Disney was hoping the film would be a box office smash in China, the world’s second-largest market, since local cinemas were running at near-normal capacity. That wasn’t to be: the film raked in only US$23 million on its opening weekend (“Beauty and the Beast” took US$85 million and “Jungle Book” garnered US$55 million), and dropped significantly and speedily after that.

And bad reviews for the film didn’t just come from China: “Mulan” was universally panned by audiences for a whole slew of reasons ranging from story and character changes to cultural pandering. Probably the biggest complaint, though, was that the film’s lead, Mulan, went from being a girl who succeeded in a man’s world through determination and hard work, to merely being a girl with a special, supernatural power. The girl power aspect of the film, coupled with hiring female New Zealand director Niki Caro as director, was all for nothing.

If anything can be learned from the flop of “Mulan” it’s this: Don’t try so hard.

Nanjing Road extension

This September, the extension of Shanghai’s famous Nanjing Road pedestrian street opened to the public, connecting the existing stretch of the street all the way to the Bund. That’s 1.5 kilometers of shops, and crowds.

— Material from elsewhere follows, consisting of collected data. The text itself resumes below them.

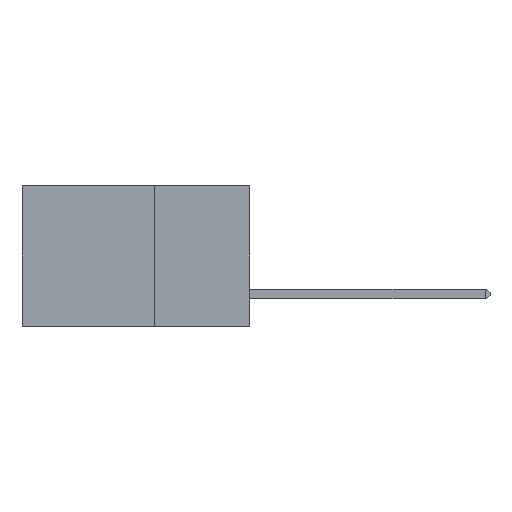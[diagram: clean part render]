
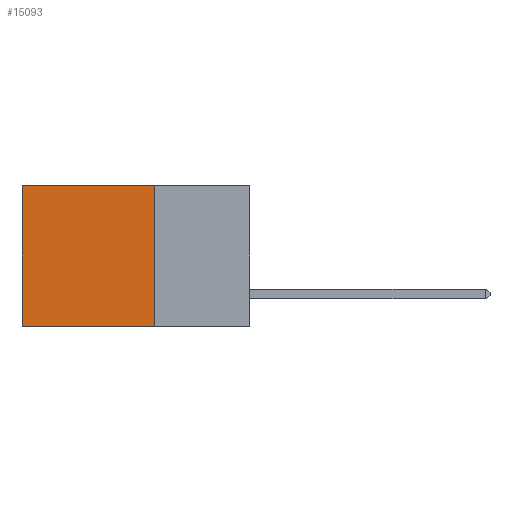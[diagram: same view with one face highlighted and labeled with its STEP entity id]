
A CAD part, left-side view. The second image highlights one B-rep face of the part: STEP entity #15093.
In plain terms, the highlighted planar face has unit normal (-1, 0, 0).
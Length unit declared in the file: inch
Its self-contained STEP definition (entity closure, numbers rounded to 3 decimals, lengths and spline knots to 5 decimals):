
#1229 = EDGE_CURVE ( 'NONE', #14350, #10398, #6681, .T. ) ;
#1564 = VECTOR ( 'NONE', #15148, 39.37008 ) ;
#2854 = CARTESIAN_POINT ( 'NONE',  ( 0.2875, 0.25, 0. ) ) ;
#3164 = EDGE_CURVE ( 'NONE', #4585, #7704, #9080, .T. ) ;
#3716 = PLANE ( 'NONE',  #8461 ) ;
#4019 = CARTESIAN_POINT ( 'NONE',  ( 0.2875, 0.25, 0. ) ) ;
#4585 = VERTEX_POINT ( 'NONE', #11722 ) ;
#5710 = CARTESIAN_POINT ( 'NONE',  ( 0.2875, 0.25, 0. ) ) ;
#6367 = VECTOR ( 'NONE', #15424, 39.37008 ) ;
#6406 = DIRECTION ( 'NONE',  ( 1., 0., 0. ) ) ;
#6530 = ORIENTED_EDGE ( 'NONE', *, *, #8367, .F. ) ;
#6681 = LINE ( 'NONE', #2854, #12674 ) ;
#7555 = EDGE_CURVE ( 'NONE', #14350, #4585, #8507, .T. ) ;
#7704 = VERTEX_POINT ( 'NONE', #10882 ) ;
#8367 = EDGE_CURVE ( 'NONE', #10398, #7704, #15716, .T. ) ;
#8461 = AXIS2_PLACEMENT_3D ( 'NONE', #12403, #6406, #14659 ) ;
#8507 = LINE ( 'NONE', #5710, #1564 ) ;
#8973 = CARTESIAN_POINT ( 'NONE',  ( 0.2875, 0.25, -0.37 ) ) ;
#9080 = LINE ( 'NONE', #10591, #14867 ) ;
#10217 = DIRECTION ( 'NONE',  ( 0., 0., -1. ) ) ;
#10398 = VERTEX_POINT ( 'NONE', #8973 ) ;
#10591 = CARTESIAN_POINT ( 'NONE',  ( 0.2875, 0.6, 0. ) ) ;
#10729 = DIRECTION ( 'NONE',  ( 0., 0., -1. ) ) ;
#10882 = CARTESIAN_POINT ( 'NONE',  ( 0.2875, 0.6, -0.37 ) ) ;
#11722 = CARTESIAN_POINT ( 'NONE',  ( 0.2875, 0.6, 0. ) ) ;
#12403 = CARTESIAN_POINT ( 'NONE',  ( 0.2875, 0.25, 0. ) ) ;
#12674 = VECTOR ( 'NONE', #10729, 39.37008 ) ;
#12894 = ORIENTED_EDGE ( 'NONE', *, *, #1229, .F. ) ;
#12986 = FACE_OUTER_BOUND ( 'NONE', #14330, .T. ) ;
#14311 = CARTESIAN_POINT ( 'NONE',  ( 0.2875, 0.25, -0.37 ) ) ;
#14330 = EDGE_LOOP ( 'NONE', ( #15160, #6530, #12894, #16199 ) ) ;
#14350 = VERTEX_POINT ( 'NONE', #4019 ) ;
#14659 = DIRECTION ( 'NONE',  ( 0., 0., -1. ) ) ;
#14867 = VECTOR ( 'NONE', #10217, 39.37008 ) ;
#15093 = ADVANCED_FACE ( 'NONE', ( #12986 ), #3716, .F. ) ;
#15148 = DIRECTION ( 'NONE',  ( 0., 1., 0. ) ) ;
#15160 = ORIENTED_EDGE ( 'NONE', *, *, #3164, .T. ) ;
#15424 = DIRECTION ( 'NONE',  ( 0., 1., 0. ) ) ;
#15716 = LINE ( 'NONE', #14311, #6367 ) ;
#16199 = ORIENTED_EDGE ( 'NONE', *, *, #7555, .T. ) ;

I know, as residents of this amazing city, we very rarely visit the Nanjing Road Pedestrian Mall, but this is still great news, especially for when things get back to normal and we start receiving visits from overseas friends and family again.

Mulan, Nanjing Road and smashing poverty: a non-COVID look back at 2020
Dai Qian / SHINE

The Dongxiang Autonomous County, Gansu Province. This year I was lucky enough to visit some remote areas of China and witness their efforts to throw off the chains of poverty. 

Smashing poverty

I’d be absolutely irresponsible if I neglected to congratulate China’s official eradication of absolute poverty in my 2020 roundup. After setting the task, way back in 2012, of ridding China of poverty, the country set to work. Just this month, it was announced that despite the setbacks this year threw in the way, the goal was reached. Over the past seven years, 10 million have been lifted out of poverty on average every year.

This was achieved through a multitude of programs, which included education, development, job creation, social security and medical subsidies.

I’ve been lucky enough to visit some of the last areas of China to be removed from the poverty list this year, including the Dongxiang Autonomous County in Gansu Province, whose residents were trained on increasing the quality and yield of their two famous foods — potato and lamb — as just one method of increasing the livelihoods of locals.

The Import Expo

A brief mention has to go to the 3rd China International Import Expo, which, despite all odds, went ahead as scheduled this year, bringing products from around the world into the country and showing the world that it’s business as usual here.

Mulan, Nanjing Road and smashing poverty: a non-COVID look back at 2020
Zhou Shengjie / SHINE

Against all the odds, the third China International Import Expo went ahead as scheduled this year. Yes, I ate that sugar panda!

Live$treaming

With the shopping market all but stalled due to the C-word, China found a way to get people spending again, all from the comfort of their own homes, through live Internet streaming.

Sure, livestreaming has been a part of China’s digital landscape for years now, but the shopping aspect experienced a huge boost as people turned to a new outlet for their shopping addictions.

Livestreaming was also a boon for rural sellers who were able to jump on the bandwagon to sell anything from fruit to meat, and experiences to holidays.

Here's for a better 2021 ...

It’s been a tough year, that’s for sure, so I’d like to use this opportunity to wish you all the very best as we head into 2021. Surely things can only get better!